Plasma is considered the fourth state of matter after solid, liquid and gas. It's created by applying a spark between several electrodes that causes a reaction with oxygen and nitrogen to form free radicals that in chilled air then alter the DNA and protein of microbes, Dr. Labuza said. The process occurs under dry conditions, which allows flour to be treated, ideally as late in the milling process as possible.

"We should be up and running in a couple of months," Dr. Labuza said, adding that it would be six to eight months "at least" before a commercial product could be tested.
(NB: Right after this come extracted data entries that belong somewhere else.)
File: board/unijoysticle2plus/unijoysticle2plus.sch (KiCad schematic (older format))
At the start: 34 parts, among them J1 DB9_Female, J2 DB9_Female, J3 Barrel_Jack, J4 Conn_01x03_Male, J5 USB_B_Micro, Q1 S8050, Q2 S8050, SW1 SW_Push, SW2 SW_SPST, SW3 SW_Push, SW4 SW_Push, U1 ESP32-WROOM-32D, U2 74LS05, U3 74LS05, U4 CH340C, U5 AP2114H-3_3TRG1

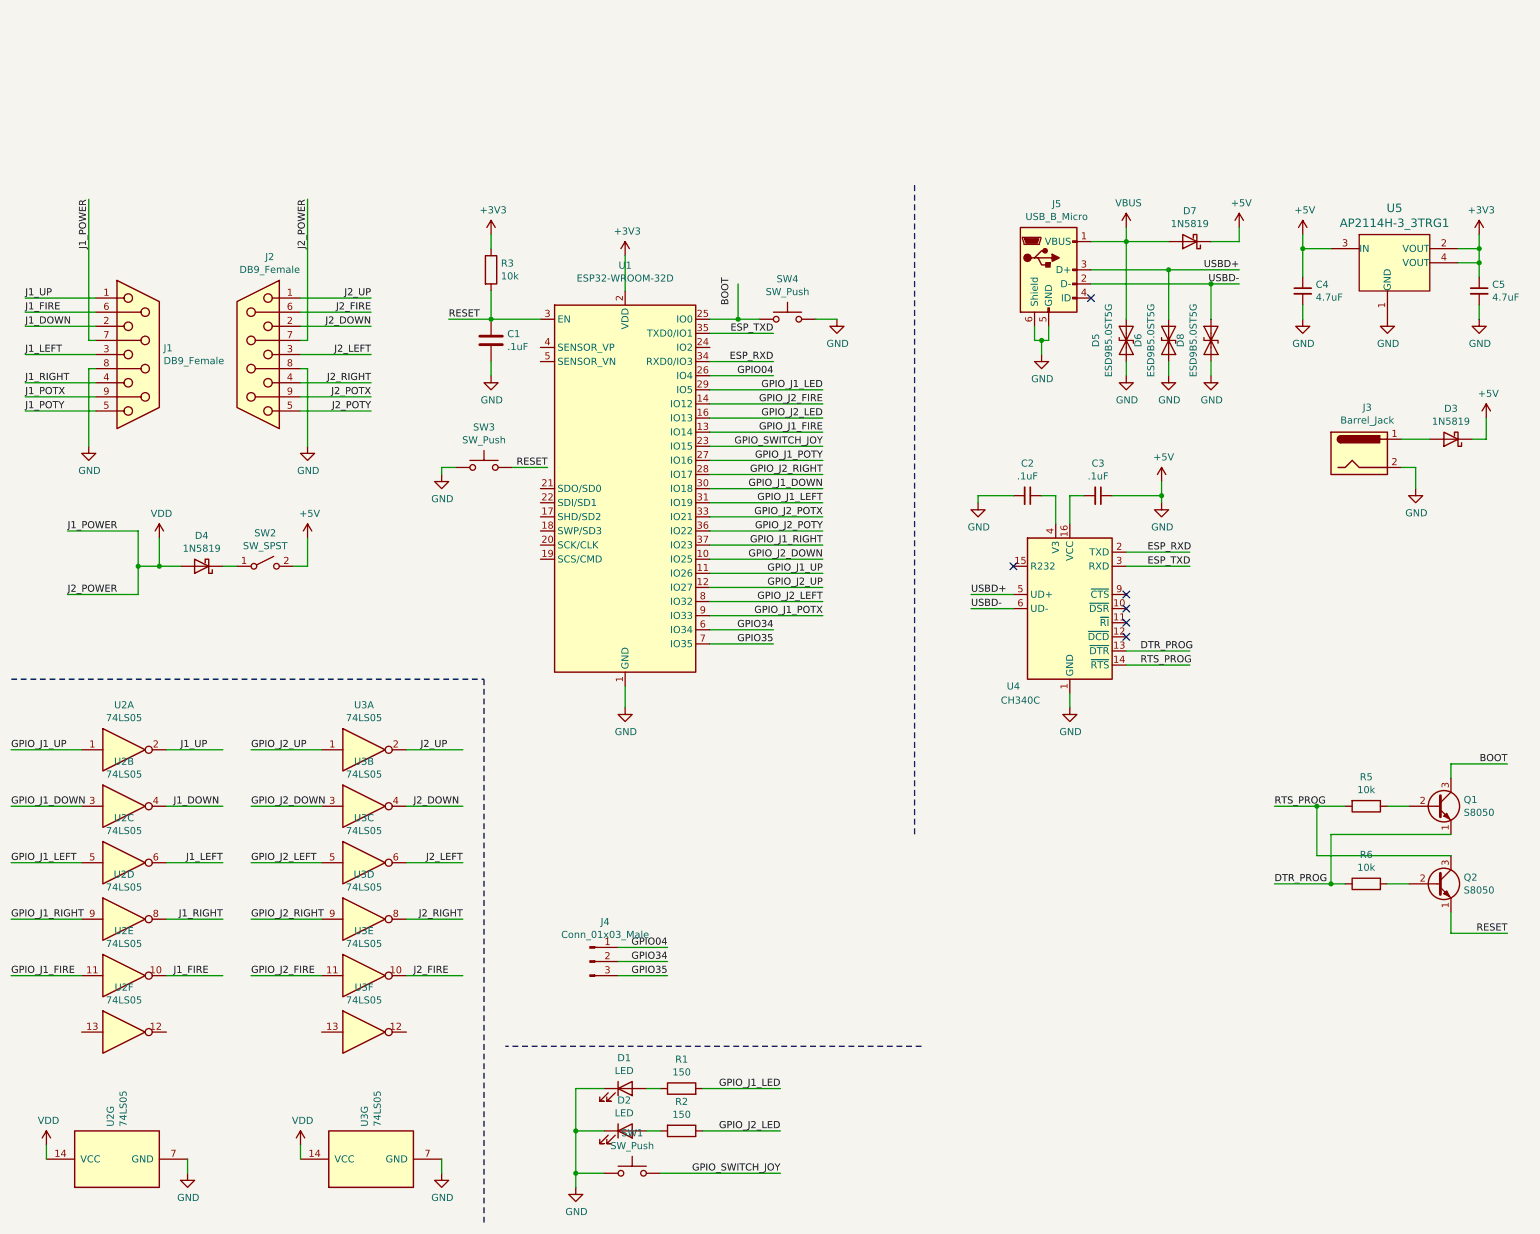
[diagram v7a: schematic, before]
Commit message: unijoysticle2plus: auto-reset circuit fixed and minor fixes
Transistor had B/E/C wrong.
Correct package for push buttons for reset & boot.
Improved package for 7405 (renamed it from 74lc05 to 74hc05).

Reset layout. Not working on it yet since schematic is not ready yet
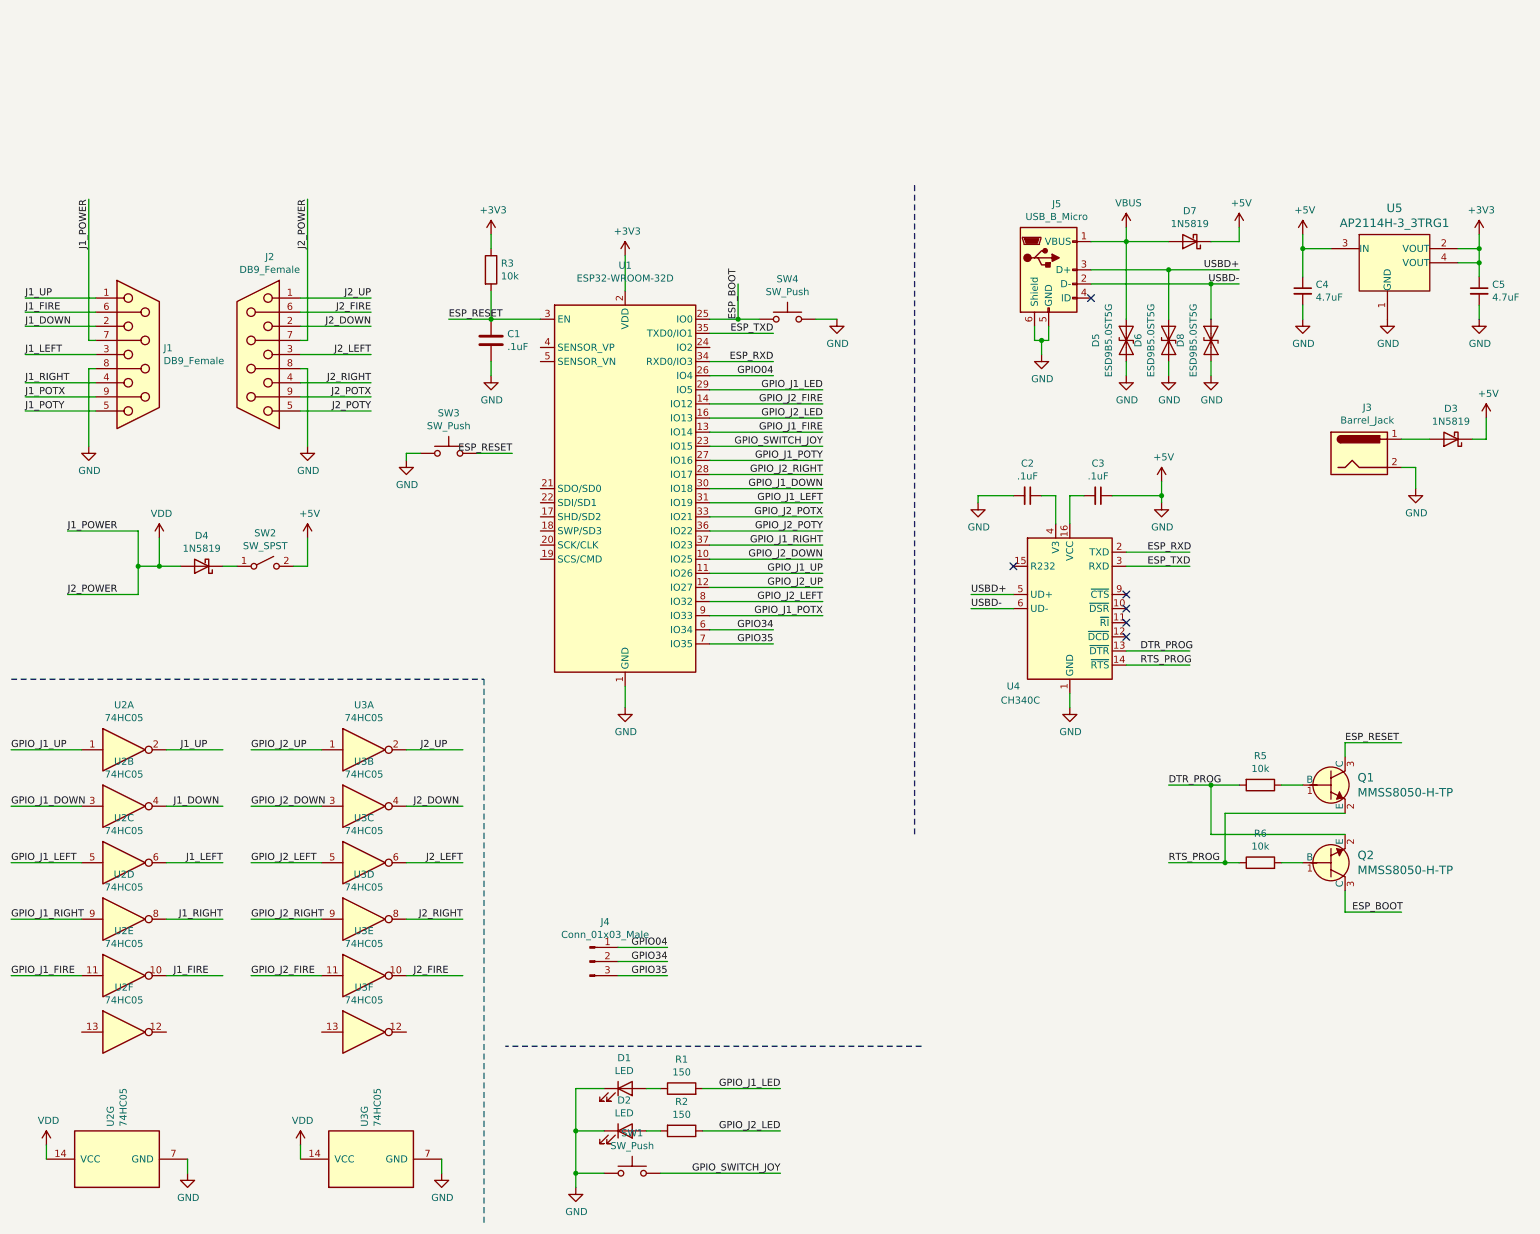
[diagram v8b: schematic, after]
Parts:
- removed Q1, Q2: S8050, Package_TO_SOT_THT:TO-92_Inline, symbol Transistor_BJT:S8050
- added Q1, Q2: MMSS8050-H-TP, Package_TO_SOT_SMD:SOT-23, symbol dk_Transistors-Bipolar-BJT-Single:MMSS8050-H-TP
- SW3, SW4: footprint Button_Switch_THT:SW_Tactile_Straight_KSA0Axx1LFTR -> Button_Switch_SMD:SW_SPST_B3U-1000P
- U2, U3: value 74LS05 -> 74HC05; footprint Silicon-Standard:SO14 -> Package_SO:SOIC-14_3.9x8.7mm_P1.27mm
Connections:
- net labels added: ESP_BOOT, ESP_RESET
- net labels removed: BOOT, RESET
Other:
- moved on the sheet: R5, R6, SW3

A considerable amount of testing remains to be done to collect sufficient data on the cold plasma process, Dr. Labuza said. Work had been slowed by a lack of equipment and adequate funding.

"Eventually, we have to verify that any system is giving a 5-log or 6-log sample kill of Salmonella and E. coli over a range of water activity," he said.

There is a major inherent risk associated with scaling up cold plasma to a commercial level, including the potential of a dust explosion.

"You have to have it in an enclosed environment with a lot of grounding," Dr. Labuza said.

Need for safety continues to grow

AIB's Dr. Rogers also noted there is some "excitement" around current research about reducing microbial content in the tempering process prior to the milling of grain.

While there was no specific estimate of how much flour (wheat and other grains) is treated for microbial reduction, most in the industry say it is a very small percentage of total production. Cost, scalability and impairment of baking functionality have been key factors discouraging treatment on a broad scale. Further, the fact that flour still is considered a raw ingredient in which a "kill" step generally occurs before it reaches the consumer has limited the need.

At the same time, the fact that flour is a raw ingredient heightens the need for safety as contamination can occur at any step from farm to baker or other food manufacturer to consumer. Flour millers have little if any control at the beginning (in the field) or at the end (consumer level) of the flour "cycle," but they still are responsible for the safety of their products. To that end, the North American Millers' Association and the Canadian National Millers Association in early September released a new educational video with the intent of eliminating the safety risk associated with wheat flour.

"From farm to kitchen, the entire wheat industry is committed to best practices for food safety, and this simple and easy-to-use video is designed to help consumers understand and apply proper handling and baking procedures so they can safely enjoy their favorite baked goods," said James A. McCarthy, president and chief executive officer of NAMA.

Dr. Rogers indicated interest in treatment of flour "has been pretty steady" once concern about the two most recent contamination occurrences calmed down. But she noted that microbial reduction remains very important for certain high-risk products such as infant food, refrigerated doughs and inclusions (such as cookie dough in ice cream). She concurred that the new FSMA rules have raised the bar.

"Bakers need to prove their product has a validated kill step," she said.